> **Activity**:
Check each line of the records below for the word "stroke" and give the number of lines that have it, with nothing added.

> **The data**:
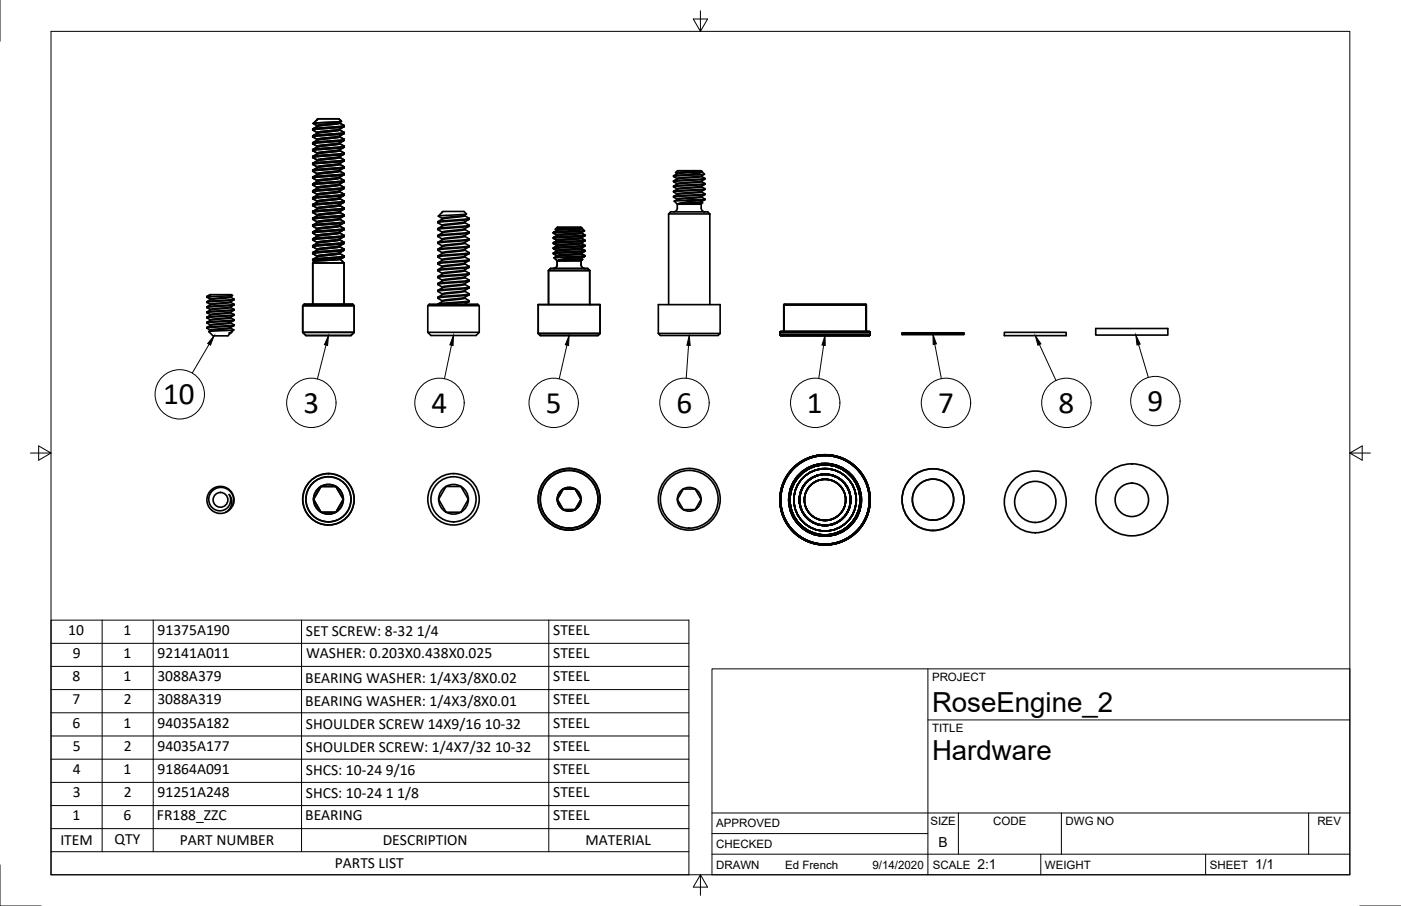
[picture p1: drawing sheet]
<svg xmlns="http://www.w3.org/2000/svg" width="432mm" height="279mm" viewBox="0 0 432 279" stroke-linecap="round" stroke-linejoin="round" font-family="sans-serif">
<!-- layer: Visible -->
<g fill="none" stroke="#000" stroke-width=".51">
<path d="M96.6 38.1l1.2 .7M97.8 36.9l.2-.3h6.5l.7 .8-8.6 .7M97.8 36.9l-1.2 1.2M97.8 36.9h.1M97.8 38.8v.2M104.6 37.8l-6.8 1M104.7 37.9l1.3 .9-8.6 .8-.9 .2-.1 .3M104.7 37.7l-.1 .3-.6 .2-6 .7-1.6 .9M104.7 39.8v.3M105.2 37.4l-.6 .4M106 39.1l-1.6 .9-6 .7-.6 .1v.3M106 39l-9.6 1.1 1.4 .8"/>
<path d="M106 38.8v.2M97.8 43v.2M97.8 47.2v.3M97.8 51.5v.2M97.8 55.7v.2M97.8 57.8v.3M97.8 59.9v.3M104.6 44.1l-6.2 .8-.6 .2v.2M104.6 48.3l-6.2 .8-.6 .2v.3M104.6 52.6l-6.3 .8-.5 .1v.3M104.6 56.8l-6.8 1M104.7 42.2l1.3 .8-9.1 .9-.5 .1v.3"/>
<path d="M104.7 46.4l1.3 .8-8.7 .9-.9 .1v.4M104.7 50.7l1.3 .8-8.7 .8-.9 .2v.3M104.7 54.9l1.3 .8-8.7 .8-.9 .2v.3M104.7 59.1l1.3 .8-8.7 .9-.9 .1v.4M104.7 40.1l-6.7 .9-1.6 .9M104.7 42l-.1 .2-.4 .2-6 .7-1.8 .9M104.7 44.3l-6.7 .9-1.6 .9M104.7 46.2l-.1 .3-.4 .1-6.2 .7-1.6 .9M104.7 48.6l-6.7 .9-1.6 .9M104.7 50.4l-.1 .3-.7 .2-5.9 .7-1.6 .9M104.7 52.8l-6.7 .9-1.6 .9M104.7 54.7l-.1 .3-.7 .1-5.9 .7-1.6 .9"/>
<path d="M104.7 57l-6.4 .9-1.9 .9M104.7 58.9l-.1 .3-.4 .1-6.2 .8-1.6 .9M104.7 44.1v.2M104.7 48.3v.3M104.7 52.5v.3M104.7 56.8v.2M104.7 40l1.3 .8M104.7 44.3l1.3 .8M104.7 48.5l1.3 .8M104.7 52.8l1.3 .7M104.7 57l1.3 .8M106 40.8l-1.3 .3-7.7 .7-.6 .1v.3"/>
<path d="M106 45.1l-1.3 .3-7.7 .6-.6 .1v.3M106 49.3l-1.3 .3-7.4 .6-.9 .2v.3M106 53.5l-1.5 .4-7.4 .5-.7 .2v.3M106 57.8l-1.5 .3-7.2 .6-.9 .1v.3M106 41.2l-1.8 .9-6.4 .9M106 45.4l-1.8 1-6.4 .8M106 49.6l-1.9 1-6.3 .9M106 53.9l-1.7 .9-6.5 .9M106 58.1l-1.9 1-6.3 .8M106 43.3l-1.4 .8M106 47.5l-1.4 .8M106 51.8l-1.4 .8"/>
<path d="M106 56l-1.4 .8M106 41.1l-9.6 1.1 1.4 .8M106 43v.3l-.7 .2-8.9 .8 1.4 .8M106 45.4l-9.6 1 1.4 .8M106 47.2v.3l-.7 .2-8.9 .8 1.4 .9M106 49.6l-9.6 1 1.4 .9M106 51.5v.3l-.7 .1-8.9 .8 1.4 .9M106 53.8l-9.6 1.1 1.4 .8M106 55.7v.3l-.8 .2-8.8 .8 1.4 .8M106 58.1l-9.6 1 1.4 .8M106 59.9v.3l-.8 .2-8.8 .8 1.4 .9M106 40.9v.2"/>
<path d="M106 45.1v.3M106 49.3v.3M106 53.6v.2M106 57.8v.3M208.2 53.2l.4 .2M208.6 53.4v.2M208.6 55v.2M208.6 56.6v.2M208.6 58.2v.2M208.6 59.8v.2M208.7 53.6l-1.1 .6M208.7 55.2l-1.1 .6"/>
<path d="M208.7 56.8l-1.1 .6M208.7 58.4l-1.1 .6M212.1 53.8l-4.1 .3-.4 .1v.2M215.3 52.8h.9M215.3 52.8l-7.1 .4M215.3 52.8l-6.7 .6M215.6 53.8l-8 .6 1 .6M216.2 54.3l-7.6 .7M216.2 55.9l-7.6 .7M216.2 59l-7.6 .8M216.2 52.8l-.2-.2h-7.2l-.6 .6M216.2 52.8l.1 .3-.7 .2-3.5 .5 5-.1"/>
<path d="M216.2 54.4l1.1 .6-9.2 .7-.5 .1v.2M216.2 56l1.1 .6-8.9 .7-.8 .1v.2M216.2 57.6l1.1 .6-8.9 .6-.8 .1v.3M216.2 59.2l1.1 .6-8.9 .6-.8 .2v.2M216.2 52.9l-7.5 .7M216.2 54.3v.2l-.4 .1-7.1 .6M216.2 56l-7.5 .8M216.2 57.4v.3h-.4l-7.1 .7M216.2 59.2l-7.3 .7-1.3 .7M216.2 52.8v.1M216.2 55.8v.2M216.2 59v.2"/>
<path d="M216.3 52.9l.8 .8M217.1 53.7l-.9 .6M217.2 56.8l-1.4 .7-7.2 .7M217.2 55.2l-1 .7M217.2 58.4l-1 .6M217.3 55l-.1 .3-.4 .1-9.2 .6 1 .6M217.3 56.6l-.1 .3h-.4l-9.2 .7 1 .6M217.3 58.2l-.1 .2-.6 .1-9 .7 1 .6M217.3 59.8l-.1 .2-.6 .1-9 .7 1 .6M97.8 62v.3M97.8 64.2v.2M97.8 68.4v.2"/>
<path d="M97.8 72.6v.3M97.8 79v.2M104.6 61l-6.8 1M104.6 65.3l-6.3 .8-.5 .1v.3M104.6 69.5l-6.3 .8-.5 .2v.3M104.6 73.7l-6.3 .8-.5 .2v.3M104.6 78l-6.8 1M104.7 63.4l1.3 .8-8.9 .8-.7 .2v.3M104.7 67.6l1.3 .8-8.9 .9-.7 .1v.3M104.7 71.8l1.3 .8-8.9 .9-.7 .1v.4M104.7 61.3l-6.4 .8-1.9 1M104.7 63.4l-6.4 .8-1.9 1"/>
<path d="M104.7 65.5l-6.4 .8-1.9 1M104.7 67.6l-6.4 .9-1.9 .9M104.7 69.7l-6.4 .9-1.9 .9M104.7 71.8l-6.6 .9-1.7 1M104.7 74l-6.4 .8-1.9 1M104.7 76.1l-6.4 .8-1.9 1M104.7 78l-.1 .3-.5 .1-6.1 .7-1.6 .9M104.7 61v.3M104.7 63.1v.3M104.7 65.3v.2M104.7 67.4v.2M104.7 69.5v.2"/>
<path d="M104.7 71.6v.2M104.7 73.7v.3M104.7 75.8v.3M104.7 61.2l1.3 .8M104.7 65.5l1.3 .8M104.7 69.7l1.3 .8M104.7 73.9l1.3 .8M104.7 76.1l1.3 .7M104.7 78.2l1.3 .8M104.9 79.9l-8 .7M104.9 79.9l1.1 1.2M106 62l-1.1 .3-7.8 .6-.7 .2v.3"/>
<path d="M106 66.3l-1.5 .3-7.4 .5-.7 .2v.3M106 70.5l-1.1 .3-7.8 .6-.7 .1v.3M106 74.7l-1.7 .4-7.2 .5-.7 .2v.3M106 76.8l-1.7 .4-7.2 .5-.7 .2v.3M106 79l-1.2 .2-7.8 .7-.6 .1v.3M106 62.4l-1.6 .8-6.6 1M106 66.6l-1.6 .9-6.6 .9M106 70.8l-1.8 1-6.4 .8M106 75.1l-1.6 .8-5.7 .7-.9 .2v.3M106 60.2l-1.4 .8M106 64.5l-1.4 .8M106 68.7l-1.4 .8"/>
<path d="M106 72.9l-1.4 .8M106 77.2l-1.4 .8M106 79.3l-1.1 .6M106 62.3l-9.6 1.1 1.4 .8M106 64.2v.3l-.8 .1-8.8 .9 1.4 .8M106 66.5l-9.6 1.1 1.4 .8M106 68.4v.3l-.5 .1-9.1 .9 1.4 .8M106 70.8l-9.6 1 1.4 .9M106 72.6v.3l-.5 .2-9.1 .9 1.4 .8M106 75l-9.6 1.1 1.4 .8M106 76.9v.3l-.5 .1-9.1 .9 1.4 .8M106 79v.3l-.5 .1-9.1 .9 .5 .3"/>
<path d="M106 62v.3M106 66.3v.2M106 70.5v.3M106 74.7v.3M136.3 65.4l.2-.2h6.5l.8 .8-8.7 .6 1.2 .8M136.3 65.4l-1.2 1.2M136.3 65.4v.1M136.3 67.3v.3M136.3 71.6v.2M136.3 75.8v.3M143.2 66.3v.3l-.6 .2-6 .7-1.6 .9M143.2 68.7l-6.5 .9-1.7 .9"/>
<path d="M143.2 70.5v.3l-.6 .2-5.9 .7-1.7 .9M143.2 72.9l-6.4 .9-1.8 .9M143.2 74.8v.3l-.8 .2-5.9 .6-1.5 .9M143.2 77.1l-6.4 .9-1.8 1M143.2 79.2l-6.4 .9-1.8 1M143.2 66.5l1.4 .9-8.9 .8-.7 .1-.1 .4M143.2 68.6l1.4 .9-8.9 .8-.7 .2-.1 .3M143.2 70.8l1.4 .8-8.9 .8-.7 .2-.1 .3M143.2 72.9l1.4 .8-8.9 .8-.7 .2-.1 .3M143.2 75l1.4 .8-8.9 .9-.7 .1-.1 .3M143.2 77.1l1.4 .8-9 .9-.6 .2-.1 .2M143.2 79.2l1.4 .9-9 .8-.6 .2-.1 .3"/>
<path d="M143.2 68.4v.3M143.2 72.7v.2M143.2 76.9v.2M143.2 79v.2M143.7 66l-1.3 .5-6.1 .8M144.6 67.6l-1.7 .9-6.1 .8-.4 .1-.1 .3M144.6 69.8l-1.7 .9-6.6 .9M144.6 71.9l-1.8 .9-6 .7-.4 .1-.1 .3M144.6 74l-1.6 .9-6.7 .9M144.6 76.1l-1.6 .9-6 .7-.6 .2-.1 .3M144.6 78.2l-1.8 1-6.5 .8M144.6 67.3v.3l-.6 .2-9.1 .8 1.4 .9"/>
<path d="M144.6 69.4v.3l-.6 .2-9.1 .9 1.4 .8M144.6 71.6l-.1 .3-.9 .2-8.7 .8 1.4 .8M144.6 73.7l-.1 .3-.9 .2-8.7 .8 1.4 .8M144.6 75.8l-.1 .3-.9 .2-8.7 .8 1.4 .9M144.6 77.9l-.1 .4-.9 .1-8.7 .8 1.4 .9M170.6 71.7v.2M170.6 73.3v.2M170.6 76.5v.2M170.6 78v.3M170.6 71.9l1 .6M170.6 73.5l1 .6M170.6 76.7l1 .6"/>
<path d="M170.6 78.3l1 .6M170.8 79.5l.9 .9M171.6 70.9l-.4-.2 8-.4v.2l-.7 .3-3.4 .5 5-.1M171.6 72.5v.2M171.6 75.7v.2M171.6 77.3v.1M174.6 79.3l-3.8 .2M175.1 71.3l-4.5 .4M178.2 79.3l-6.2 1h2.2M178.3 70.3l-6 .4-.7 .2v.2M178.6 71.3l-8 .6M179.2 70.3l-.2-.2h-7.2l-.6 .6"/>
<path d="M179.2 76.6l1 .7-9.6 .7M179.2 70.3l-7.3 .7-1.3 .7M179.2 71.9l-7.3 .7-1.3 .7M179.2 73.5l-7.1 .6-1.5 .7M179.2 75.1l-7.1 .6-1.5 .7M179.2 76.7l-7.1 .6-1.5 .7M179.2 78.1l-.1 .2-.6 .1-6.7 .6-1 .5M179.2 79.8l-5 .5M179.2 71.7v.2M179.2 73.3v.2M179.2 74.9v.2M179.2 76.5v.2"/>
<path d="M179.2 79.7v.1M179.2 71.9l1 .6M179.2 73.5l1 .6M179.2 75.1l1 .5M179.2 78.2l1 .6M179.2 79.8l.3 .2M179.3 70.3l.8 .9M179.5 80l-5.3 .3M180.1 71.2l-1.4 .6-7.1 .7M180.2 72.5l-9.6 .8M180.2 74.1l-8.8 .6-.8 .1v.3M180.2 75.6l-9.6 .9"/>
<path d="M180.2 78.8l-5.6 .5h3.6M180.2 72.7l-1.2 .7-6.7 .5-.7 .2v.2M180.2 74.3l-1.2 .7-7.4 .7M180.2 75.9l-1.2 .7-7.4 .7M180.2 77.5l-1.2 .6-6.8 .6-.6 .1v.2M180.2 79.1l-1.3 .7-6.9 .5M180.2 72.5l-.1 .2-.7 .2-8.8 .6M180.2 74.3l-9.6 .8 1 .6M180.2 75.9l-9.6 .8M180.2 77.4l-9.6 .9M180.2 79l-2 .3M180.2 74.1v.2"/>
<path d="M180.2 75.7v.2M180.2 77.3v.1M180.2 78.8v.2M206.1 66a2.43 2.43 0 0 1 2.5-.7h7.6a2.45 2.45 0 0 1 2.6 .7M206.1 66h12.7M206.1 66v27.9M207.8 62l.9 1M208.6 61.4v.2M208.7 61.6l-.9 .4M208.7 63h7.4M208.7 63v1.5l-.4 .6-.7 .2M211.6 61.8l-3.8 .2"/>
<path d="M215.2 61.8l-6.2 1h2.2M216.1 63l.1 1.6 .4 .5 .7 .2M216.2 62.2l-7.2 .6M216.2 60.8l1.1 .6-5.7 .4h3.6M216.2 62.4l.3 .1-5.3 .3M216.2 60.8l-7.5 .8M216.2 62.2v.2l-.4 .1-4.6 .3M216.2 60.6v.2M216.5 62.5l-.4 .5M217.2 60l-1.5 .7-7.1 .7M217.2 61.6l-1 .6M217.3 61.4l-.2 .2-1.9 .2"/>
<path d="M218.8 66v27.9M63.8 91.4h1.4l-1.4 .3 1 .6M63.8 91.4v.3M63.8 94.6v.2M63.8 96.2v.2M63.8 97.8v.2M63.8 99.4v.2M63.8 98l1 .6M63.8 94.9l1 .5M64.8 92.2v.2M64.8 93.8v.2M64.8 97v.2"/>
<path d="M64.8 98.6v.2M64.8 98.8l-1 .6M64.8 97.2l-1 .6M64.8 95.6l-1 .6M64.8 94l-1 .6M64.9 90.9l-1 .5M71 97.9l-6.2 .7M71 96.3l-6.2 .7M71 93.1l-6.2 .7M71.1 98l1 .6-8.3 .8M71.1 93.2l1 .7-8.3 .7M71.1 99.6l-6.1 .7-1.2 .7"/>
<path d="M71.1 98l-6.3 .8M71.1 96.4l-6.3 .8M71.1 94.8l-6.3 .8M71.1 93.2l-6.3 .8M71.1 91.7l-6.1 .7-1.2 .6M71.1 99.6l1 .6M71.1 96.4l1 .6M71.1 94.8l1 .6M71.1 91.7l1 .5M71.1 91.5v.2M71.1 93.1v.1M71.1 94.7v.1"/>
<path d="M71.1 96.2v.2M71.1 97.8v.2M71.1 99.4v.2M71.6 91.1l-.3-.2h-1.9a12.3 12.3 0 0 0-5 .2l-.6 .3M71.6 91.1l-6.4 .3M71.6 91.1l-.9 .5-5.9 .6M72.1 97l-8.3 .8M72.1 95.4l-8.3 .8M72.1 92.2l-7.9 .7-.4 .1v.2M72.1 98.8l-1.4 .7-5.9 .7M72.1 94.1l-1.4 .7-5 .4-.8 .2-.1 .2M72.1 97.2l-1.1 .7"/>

> **Reply to the exercise**:
2